--- What to do ---
Look through the entries below and count the lines with "None" in them; the reply is the number alone.

--- Data excerpts ---
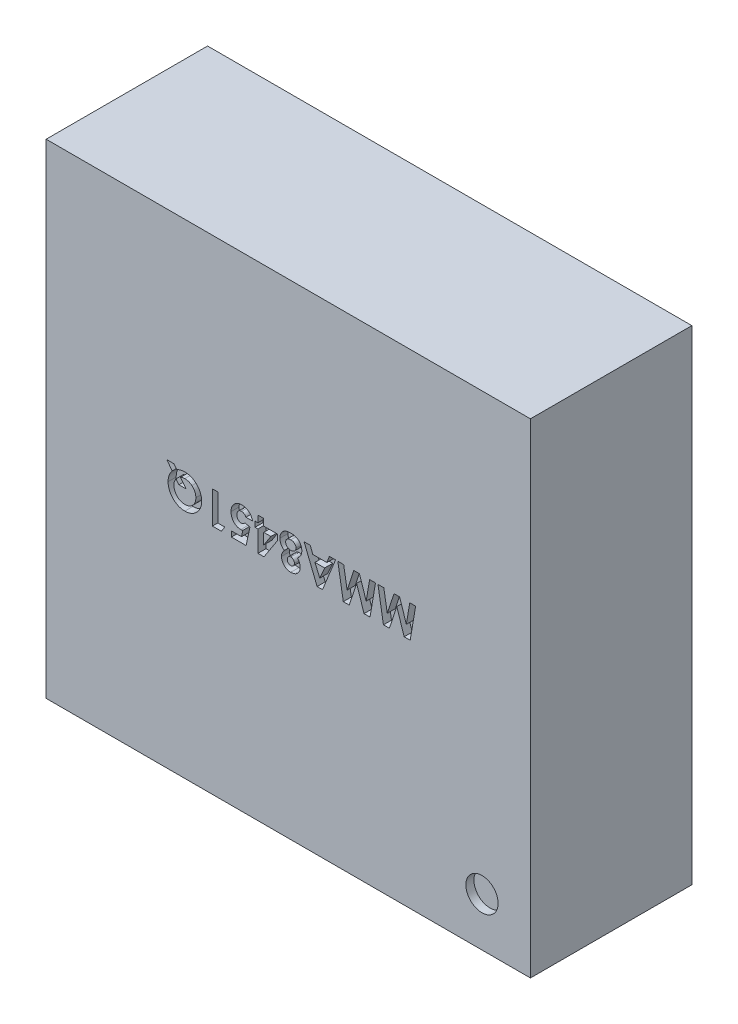
from build123d import *

# Parameters (mm, degrees)
SCHIZZO1_W                   = 3
SCHIZZO1_H                   = 3
ESTRUSIONE_ESTRUSIONE1_DEPTH = 1
TAGLIO_ESTRUSIONE1_DEPTH     = 0.05
SCHIZZO3_R                   = 0.1
TAGLIO_ESTRUSIONE2_DEPTH     = 0.05


with BuildPart() as part:
    # Schizzo1 → Estrusione-Estrusione1 (new body)
    with BuildSketch(Plane.XY):
        with Locations((1.5, 1.5)):
            Rectangle(SCHIZZO1_W, SCHIZZO1_H)
    extrude(amount=ESTRUSIONE_ESTRUSIONE1_DEPTH)

    # Schizzo2 → Taglio-Estrusione1 (cut)
    with BuildSketch(Plane.XY.offset(1)):
        Polygon((2.255120111, 1.439408505), (2.217860496, 1.439408505), (2.172227483, 1.57891171), (2.126273957, 1.439408505), (2.089374919, 1.439408505), (2.055560816, 1.639408505), (2.091898957, 1.639408505), (2.113253124, 1.51308639), (2.154839662, 1.639408505), (2.189855688, 1.639408505), (2.231201842, 1.51308639), (2.252515944, 1.639408505), (2.288894149, 1.639408505), align=None)
        Polygon((2.006402162, 1.439408505), (1.969142547, 1.439408505), (1.923509534, 1.57891171), (1.877556008, 1.439408505), (1.84065697, 1.439408505), (1.806842867, 1.639408505), (1.843181008, 1.639408505), (1.864535175, 1.51308639), (1.906121714, 1.639408505), (1.941137739, 1.639408505), (1.982483893, 1.51308639), (2.003797996, 1.639408505), (2.040176201, 1.639408505), align=None)
        Polygon((1.711931008, 1.439408505), (1.678637739, 1.439408505), (1.597868508, 1.639408505), (1.636209855, 1.639408505), (1.651754726, 1.598382864), (1.738894149, 1.598382864), (1.754439021, 1.639408505), (1.792740303, 1.639408505), align=None)
        Polygon((1.695304406, 1.493054338), (1.725272355, 1.562485428), (1.665336457, 1.562485428), align=None, mode=Mode.SUBTRACT)
        with BuildLine():
            add(Edge.make_bspline(
                [(1.475272355, 1.531716197), (1.473174734, 1.533214414), (1.469022685, 1.53618), (1.463553194, 1.541491573), (1.45881142, 1.547397544), (1.45486563, 1.553878723), (1.45171337, 1.560815484), (1.449547066, 1.568114497), (1.448098465, 1.575662829), (1.447945723, 1.580801283), (1.447868508, 1.58339889)],
                knots=[0, 0, 0, 0, 7.724e-06, 1.529e-05, 2.2786e-05, 3.0392e-05, 3.7995e-05, 4.5574e-05, 5.3189e-05, 6.0974e-05, 6.0974e-05, 6.0974e-05, 6.0974e-05], degree=3))
            add(Edge.make_bspline(
                [(1.447868508, 1.58339889), (1.447963328, 1.586211217), (1.448151391, 1.591789107), (1.449818242, 1.599968088), (1.452480363, 1.607818284), (1.456152804, 1.615246932), (1.460736074, 1.622049379), (1.466046988, 1.628119642), (1.472164822, 1.633189867), (1.477814874, 1.636679063), (1.482712005, 1.638942737), (1.48663211, 1.64048813), (1.490839032, 1.641706274), (1.495262585, 1.642754008), (1.499948926, 1.643539533), (1.504851919, 1.644157897), (1.51001753, 1.644457776), (1.513533286, 1.644509951), (1.515336457, 1.64453671)],
                knots=[0, 0, 0, 0, 8.43e-06, 1.6719e-05, 2.4929e-05, 3.3243e-05, 4.1499e-05, 4.9474e-05, 5.7353e-05, 6.5248e-05, 6.9317e-05, 7.3528e-05, 7.7876e-05, 8.2443e-05, 8.7159e-05, 9.2124e-05, 9.7262e-05, 0.000102672, 0.000102672, 0.000102672, 0.000102672], degree=3))
            add(Edge.make_bspline(
                [(1.515336457, 1.64453671), (1.517259849, 1.644510473), (1.521015855, 1.644459236), (1.52649937, 1.644153208), (1.531669796, 1.643578114), (1.536550559, 1.642854562), (1.541096901, 1.641780111), (1.545369218, 1.640612022), (1.549321298, 1.63916093), (1.554152226, 1.636922846), (1.559751981, 1.633575715), (1.565728375, 1.628571639), (1.571053363, 1.622704405), (1.575513142, 1.615931994), (1.579229331, 1.608542297), (1.581881464, 1.600572463), (1.583478894, 1.592130125), (1.583669122, 1.586343939), (1.583765944, 1.58339889)],
                knots=[0, 0, 0, 0, 5.77e-06, 1.1269e-05, 1.6467e-05, 2.1374e-05, 2.6059e-05, 3.0473e-05, 3.4655e-05, 3.8671e-05, 4.6435e-05, 5.4145e-05, 6.1974e-05, 7.0119e-05, 7.8397e-05, 8.672e-05, 9.5238e-05, 0.000104068, 0.000104068, 0.000104068, 0.000104068], degree=3))
            add(Edge.make_bspline(
                [(1.583765944, 1.58339889), (1.583699882, 1.580828655), (1.583569986, 1.57577486), (1.582218931, 1.568398584), (1.580159054, 1.561343636), (1.577148533, 1.554674957), (1.573368853, 1.548311853), (1.568660948, 1.542384881), (1.56318548, 1.536748952), (1.559018628, 1.533421609), (1.556882931, 1.531716197)],
                knots=[0, 0, 0, 0, 7.703e-06, 1.5146e-05, 2.2422e-05, 2.9703e-05, 3.7034e-05, 4.4568e-05, 5.2359e-05, 6.0551e-05, 6.0551e-05, 6.0551e-05, 6.0551e-05], degree=3))
            add(Edge.make_bspline(
                [(1.556882931, 1.531716197), (1.558207018, 1.530189886), (1.560813745, 1.527185037), (1.564178132, 1.522344969), (1.567049191, 1.517364535), (1.569365917, 1.512214275), (1.571228576, 1.506953564), (1.572568417, 1.501550026), (1.57333037, 1.495987468), (1.573449408, 1.492228587), (1.573509534, 1.490329979)],
                knots=[0, 0, 0, 0, 6.058e-06, 1.1927e-05, 1.7651e-05, 2.3281e-05, 2.8844e-05, 3.4373e-05, 3.9954e-05, 4.565e-05, 4.565e-05, 4.565e-05, 4.565e-05], degree=3))
            add(Edge.make_bspline(
                [(1.573509534, 1.490329979), (1.573430438, 1.487759632), (1.573274386, 1.482688437), (1.571866729, 1.475265663), (1.569581685, 1.468187924), (1.566358072, 1.461548301), (1.562391141, 1.455409429), (1.557588715, 1.449982648), (1.552092392, 1.44524061), (1.545869846, 1.441281529), (1.539030809, 1.438153041), (1.531650405, 1.435904192), (1.523762687, 1.434508086), (1.51832046, 1.434357384), (1.515536778, 1.4342803)],
                knots=[0, 0, 0, 0, 7.705e-06, 1.5202e-05, 2.2575e-05, 2.9958e-05, 3.7281e-05, 4.4434e-05, 5.1622e-05, 5.899e-05, 6.6484e-05, 7.4113e-05, 8.2083e-05, 9.0428e-05, 9.0428e-05, 9.0428e-05, 9.0428e-05], degree=3))
            add(Edge.make_bspline(
                [(1.515536778, 1.4342803), (1.512793171, 1.434357286), (1.507443713, 1.434507392), (1.499682449, 1.435899564), (1.492438044, 1.43819607), (1.485720458, 1.441365902), (1.479584485, 1.445371003), (1.474185721, 1.45025658), (1.469402872, 1.45582552), (1.465390595, 1.46210962), (1.462161873, 1.468880232), (1.459803283, 1.475994075), (1.458420065, 1.48337197), (1.458223694, 1.488374552), (1.458124919, 1.490890877)],
                knots=[0, 0, 0, 0, 8.225e-06, 1.6037e-05, 2.3563e-05, 3.0965e-05, 3.8254e-05, 4.5461e-05, 5.2735e-05, 6.0215e-05, 6.7759e-05, 7.5183e-05, 8.2641e-05, 9.0188e-05, 9.0188e-05, 9.0188e-05, 9.0188e-05], degree=3))
            add(Edge.make_bspline(
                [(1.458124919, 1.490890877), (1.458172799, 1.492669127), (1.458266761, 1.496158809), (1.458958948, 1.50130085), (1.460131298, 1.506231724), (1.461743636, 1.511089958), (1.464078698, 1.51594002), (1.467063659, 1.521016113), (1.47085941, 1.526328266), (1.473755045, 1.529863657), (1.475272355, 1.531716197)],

--- Problem solution ---
4